Proposal: default __init__
Andrew Dalke
dalke at acm.org
Mon Nov 13 23:09:40 EST 2000
Steve Holden wrote:
>However, when using other people's code, a default null __init__() might
>be helpful. Although, of course, you would still get similar problems
>if you later decided that the __init__() method of an object you had
>defined yourself needed to change its interface, for example adding
>parameters: all calls to __init__() would then need to be edited.
That isn't always a problem. For example, suppose you extended the
number of parameters but added them after the existing parameters and
used appropriate default arguments for those new ones. Then you can
change the API but keep backwards compatibility.

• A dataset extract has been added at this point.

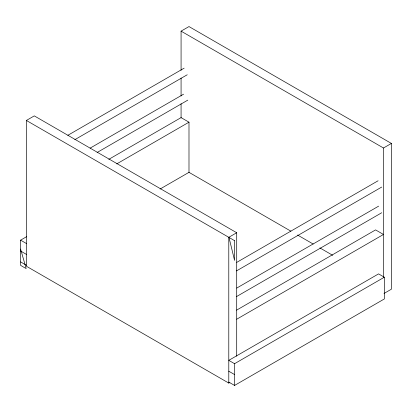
<?xml version="1.0" encoding="UTF-8"?>
<svg xmlns="http://www.w3.org/2000/svg" width="412" height="412" viewBox="0 0 412 412"><rect width="100%" height="100%" fill="white"/><g stroke="black" fill="none" stroke-linecap="round" stroke-linejoin="round"><path stroke-width="0.62" d="M229.845 382.475L228.789 383.083L26.378 266.224L26.378 120.453L34.294 115.885L236.704 232.744L236.704 356.195M181.074 70.313L181.074 31.142L188.99 26.569L391.4 143.433L391.4 289.198L384.01 293.468M67.856 135.301L184.159 68.155M74.824 139.663L187.233 74.768M90.115 148.145L183.597 94.173M97.083 152.507L187.79 100.142M108.794 159.341L181.074 117.616L188.99 122.184L188.99 172.556M116.714 163.914L188.99 122.184M20.6 249.054L26.162 268.567L20.6 265.359L20.6 240.155L26.723 236.622M160.077 189.031L188.99 172.34L290.913 231.183M26.378 120.453L228.789 237.312L236.704 232.744M181.074 31.142L383.484 148.001L391.4 143.433M236.751 262.372L378.092 180.77M236.488 270.911L381.723 187.058M236.751 288.065L378.649 206.144M236.488 296.604L381.723 212.752M236.57 310.154L375.569 229.901L383.484 234.474L236.704 319.218M384.339 277.214L378.561 273.882L228.789 360.351L234.562 363.688L384.339 277.214L384.339 298.957L234.562 385.431L228.789 382.094M297.593 235.041L313.187 244.043M319.872 247.9L332.68 255.301M20.6 240.155L26.378 243.492M20.6 251.026L26.378 254.364M228.789 371.222L234.562 374.56M20.6 261.898L26.378 265.235M383.484 148.001L383.484 277.194M234.562 363.688L234.562 385.431M228.789 237.312L228.789 383.083M181.074 78.017L181.074 95.996M181.074 103.706L181.074 117.832M234.562 240.649L229 237.436L234.562 260.415L234.562 240.649"/></g></svg>

On the other hand, if the interface is not backwards compatible, I
would like code to break. As it stands now, if you have
class A:
pass
class B(A):
def __init__(self, data):
self.data = data
and replaced A with
class A:
def __init__(self, username, password):
self.username = username
self.password = password
you can still make a B(), even though I would like it to fail, unless told
otherwise.
The problem is that the current style of "not calling __init__ because it
doesn't exist" is written the same as the "not told otherwise" case.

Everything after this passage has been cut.